— Excerpted data —
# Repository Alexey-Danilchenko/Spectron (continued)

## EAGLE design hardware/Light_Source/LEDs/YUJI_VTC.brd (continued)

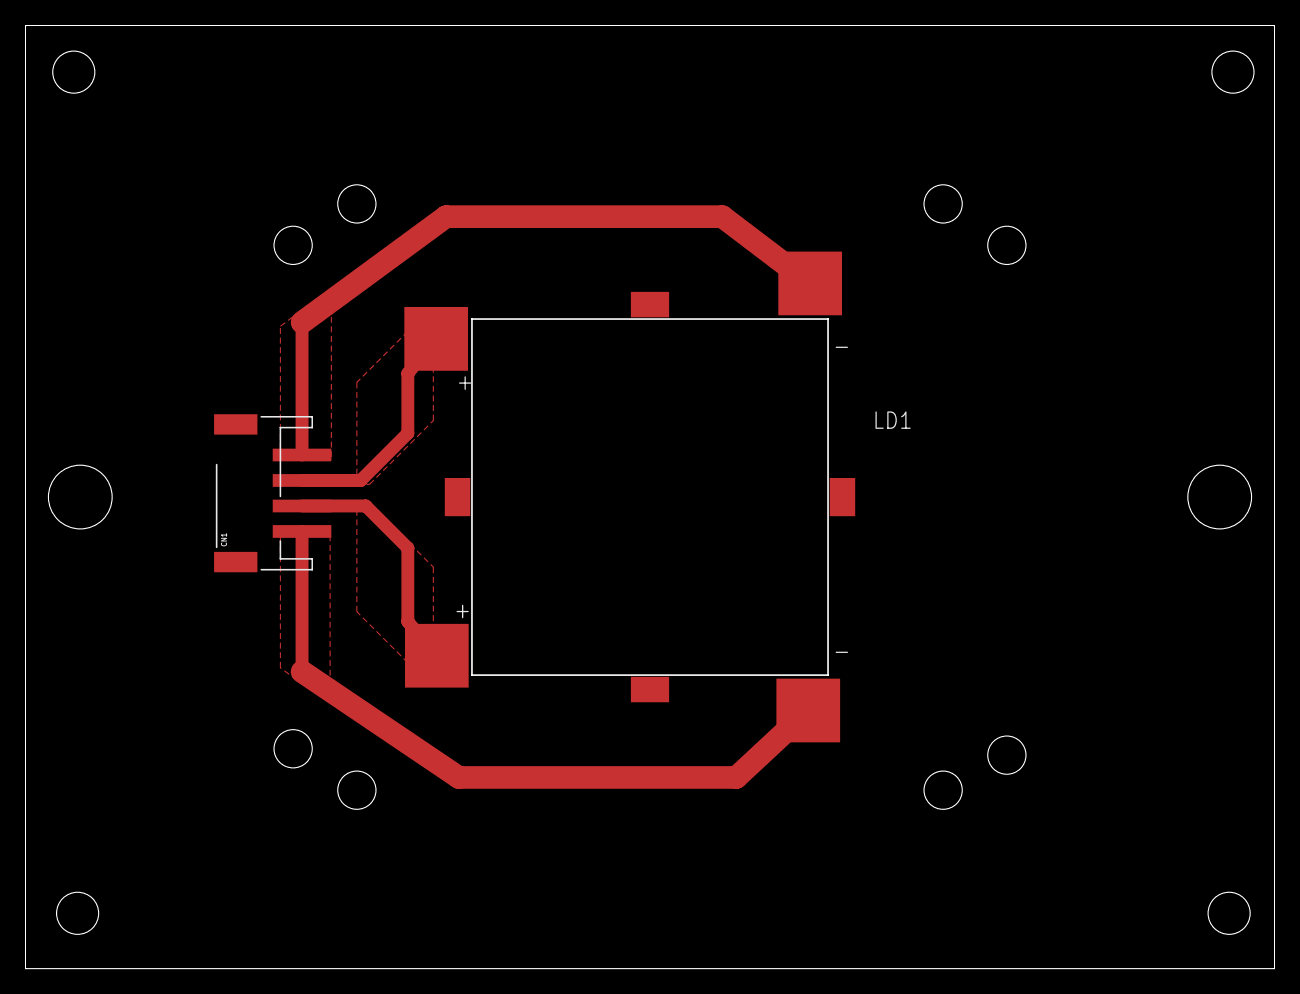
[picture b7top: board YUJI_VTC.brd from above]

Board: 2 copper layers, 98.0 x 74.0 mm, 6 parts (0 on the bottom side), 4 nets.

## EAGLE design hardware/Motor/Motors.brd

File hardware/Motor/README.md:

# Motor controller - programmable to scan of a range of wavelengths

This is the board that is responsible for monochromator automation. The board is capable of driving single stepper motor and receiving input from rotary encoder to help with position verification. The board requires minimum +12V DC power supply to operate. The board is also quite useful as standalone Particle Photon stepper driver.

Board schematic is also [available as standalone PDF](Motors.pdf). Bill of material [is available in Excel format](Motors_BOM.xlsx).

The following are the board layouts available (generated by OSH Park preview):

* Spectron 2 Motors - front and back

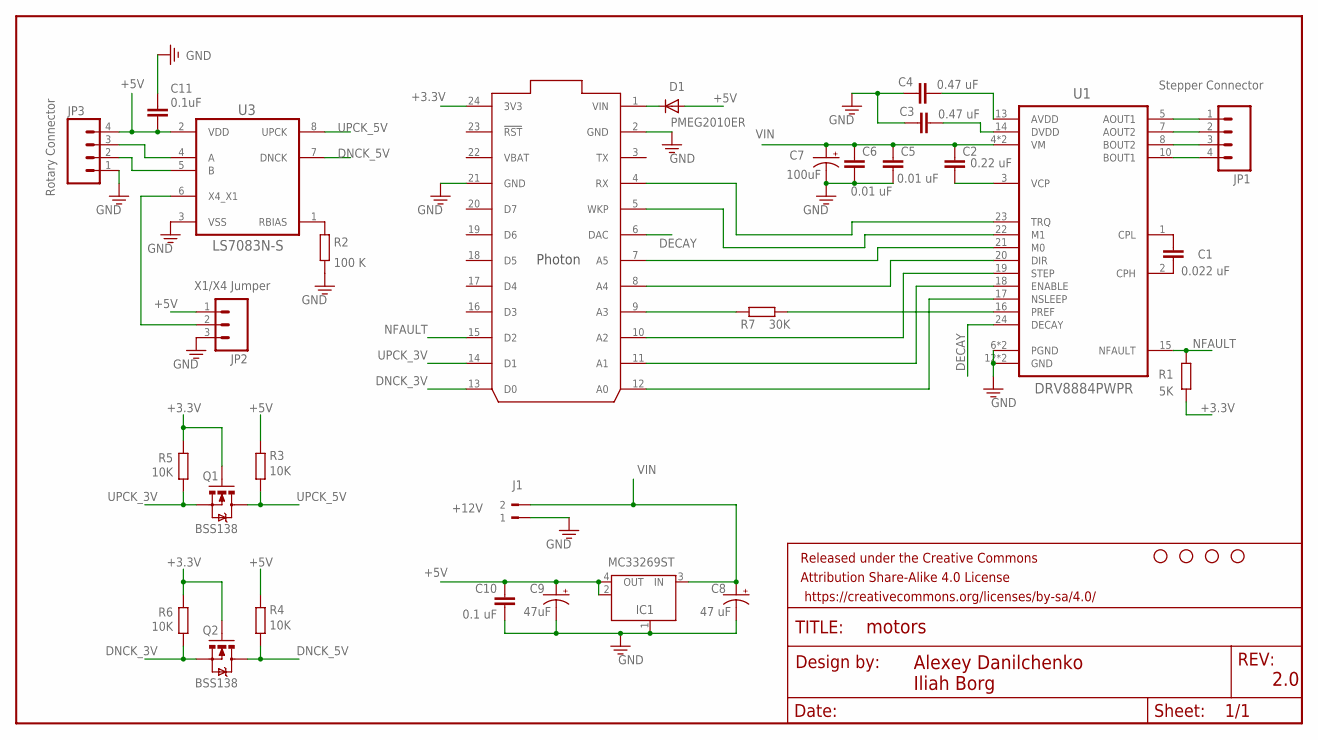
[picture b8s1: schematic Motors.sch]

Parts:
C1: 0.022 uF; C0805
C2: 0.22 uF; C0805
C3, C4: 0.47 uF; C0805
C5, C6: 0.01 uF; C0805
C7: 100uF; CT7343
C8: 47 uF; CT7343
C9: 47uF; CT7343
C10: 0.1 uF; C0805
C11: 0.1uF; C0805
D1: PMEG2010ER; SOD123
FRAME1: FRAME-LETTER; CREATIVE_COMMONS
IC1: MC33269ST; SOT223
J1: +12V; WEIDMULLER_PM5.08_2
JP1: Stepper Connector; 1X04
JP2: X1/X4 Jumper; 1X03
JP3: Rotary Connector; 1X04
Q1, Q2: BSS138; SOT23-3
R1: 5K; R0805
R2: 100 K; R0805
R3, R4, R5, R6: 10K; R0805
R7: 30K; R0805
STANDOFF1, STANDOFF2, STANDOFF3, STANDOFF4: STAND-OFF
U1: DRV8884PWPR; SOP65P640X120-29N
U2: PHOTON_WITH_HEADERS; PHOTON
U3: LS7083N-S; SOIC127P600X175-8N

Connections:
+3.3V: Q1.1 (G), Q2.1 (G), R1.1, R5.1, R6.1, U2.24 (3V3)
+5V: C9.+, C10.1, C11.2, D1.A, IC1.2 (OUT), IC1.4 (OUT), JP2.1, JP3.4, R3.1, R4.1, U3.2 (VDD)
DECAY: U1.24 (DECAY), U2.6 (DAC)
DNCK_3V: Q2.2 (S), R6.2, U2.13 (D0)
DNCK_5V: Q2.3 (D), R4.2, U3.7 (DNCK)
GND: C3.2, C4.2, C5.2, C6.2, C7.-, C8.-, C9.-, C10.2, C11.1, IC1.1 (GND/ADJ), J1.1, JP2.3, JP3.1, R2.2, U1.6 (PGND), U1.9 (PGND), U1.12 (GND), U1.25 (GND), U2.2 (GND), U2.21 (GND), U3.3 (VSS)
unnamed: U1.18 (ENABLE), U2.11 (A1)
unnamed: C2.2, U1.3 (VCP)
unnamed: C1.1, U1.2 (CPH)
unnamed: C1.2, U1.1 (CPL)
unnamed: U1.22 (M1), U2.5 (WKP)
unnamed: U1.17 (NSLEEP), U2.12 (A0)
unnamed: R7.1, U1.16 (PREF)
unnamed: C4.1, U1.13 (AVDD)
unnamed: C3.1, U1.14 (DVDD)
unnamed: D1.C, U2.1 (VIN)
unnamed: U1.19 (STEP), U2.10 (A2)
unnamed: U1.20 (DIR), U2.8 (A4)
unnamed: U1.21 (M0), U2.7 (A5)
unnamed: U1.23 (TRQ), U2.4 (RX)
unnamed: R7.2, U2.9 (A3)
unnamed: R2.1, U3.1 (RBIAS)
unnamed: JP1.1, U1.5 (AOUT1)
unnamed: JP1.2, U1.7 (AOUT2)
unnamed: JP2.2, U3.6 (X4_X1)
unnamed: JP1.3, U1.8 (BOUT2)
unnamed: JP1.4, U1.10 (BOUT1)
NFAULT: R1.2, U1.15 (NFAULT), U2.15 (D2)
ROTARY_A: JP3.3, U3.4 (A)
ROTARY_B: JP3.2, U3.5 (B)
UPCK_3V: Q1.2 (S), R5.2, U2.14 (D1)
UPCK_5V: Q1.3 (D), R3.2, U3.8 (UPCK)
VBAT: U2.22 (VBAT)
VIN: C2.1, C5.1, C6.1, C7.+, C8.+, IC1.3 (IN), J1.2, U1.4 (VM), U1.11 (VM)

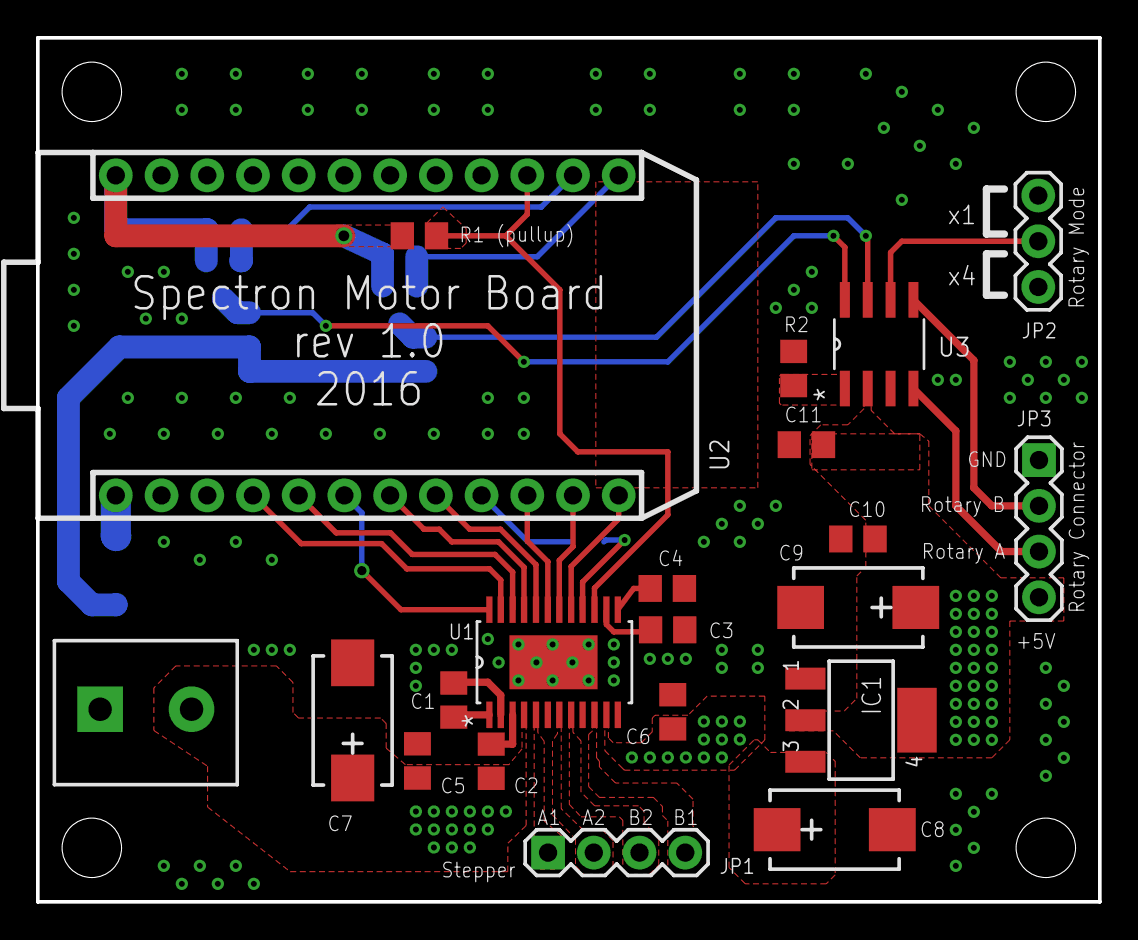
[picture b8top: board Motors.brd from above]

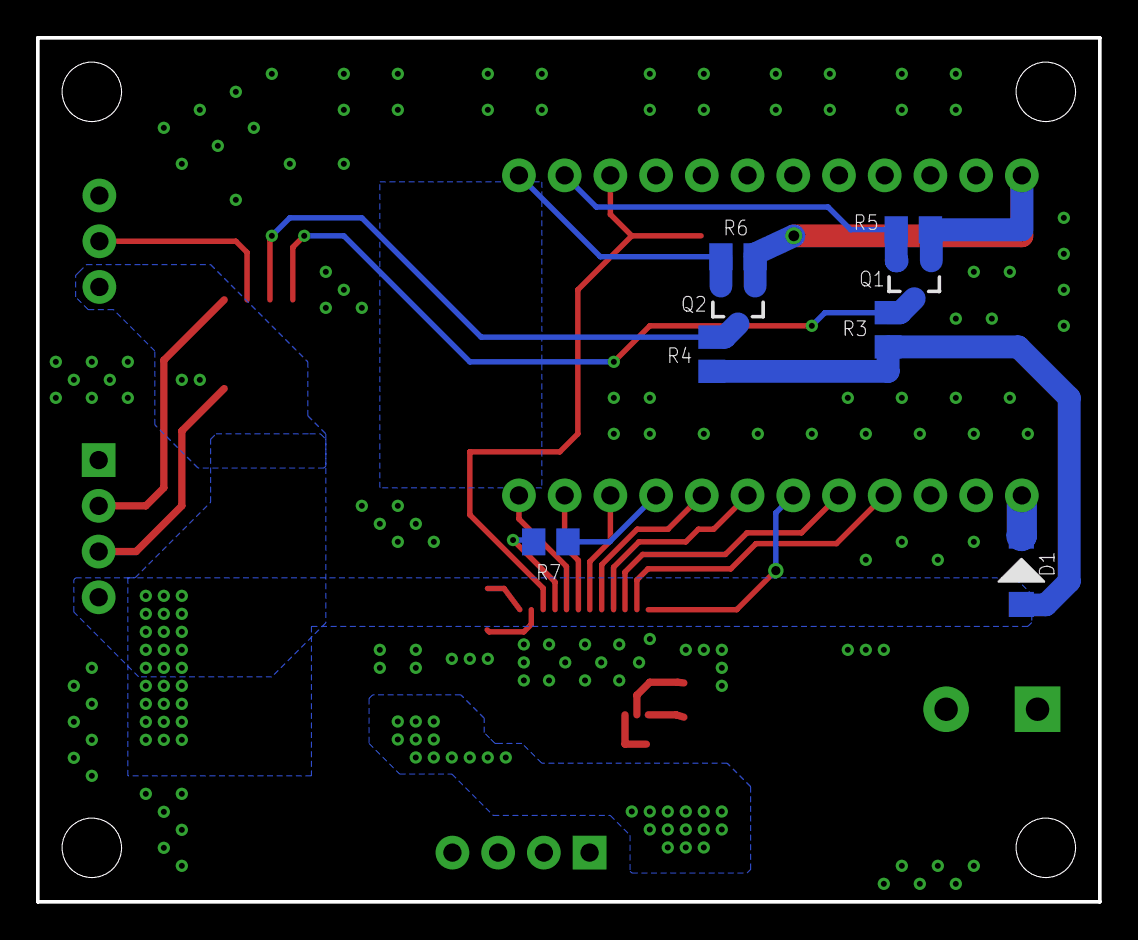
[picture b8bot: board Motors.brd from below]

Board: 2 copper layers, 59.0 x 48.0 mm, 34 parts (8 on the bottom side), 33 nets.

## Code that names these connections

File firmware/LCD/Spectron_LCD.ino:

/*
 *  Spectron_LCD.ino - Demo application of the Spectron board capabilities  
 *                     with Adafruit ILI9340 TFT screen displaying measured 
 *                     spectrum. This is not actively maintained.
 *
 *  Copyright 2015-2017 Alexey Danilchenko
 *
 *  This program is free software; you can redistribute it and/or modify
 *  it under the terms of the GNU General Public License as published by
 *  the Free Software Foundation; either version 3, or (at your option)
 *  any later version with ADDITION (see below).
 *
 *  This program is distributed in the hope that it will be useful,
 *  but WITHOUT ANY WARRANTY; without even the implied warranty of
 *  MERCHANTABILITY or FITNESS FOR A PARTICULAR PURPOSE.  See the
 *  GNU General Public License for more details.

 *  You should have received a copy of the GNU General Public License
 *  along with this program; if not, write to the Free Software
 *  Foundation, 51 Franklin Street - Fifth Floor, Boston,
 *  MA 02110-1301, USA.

— Work task —
Exactly as written, give the line containing "implied warranty of" and all remaining lines of the records.

— Answer to this task —
 *  but WITHOUT ANY WARRANTY; without even the implied warranty of
 *  MERCHANTABILITY or FITNESS FOR A PARTICULAR PURPOSE.  See the
 *  GNU General Public License for more details.

 *  You should have received a copy of the GNU General Public License
 *  along with this program; if not, write to the Free Software
 *  Foundation, 51 Franklin Street - Fifth Floor, Boston,
 *  MA 02110-1301, USA.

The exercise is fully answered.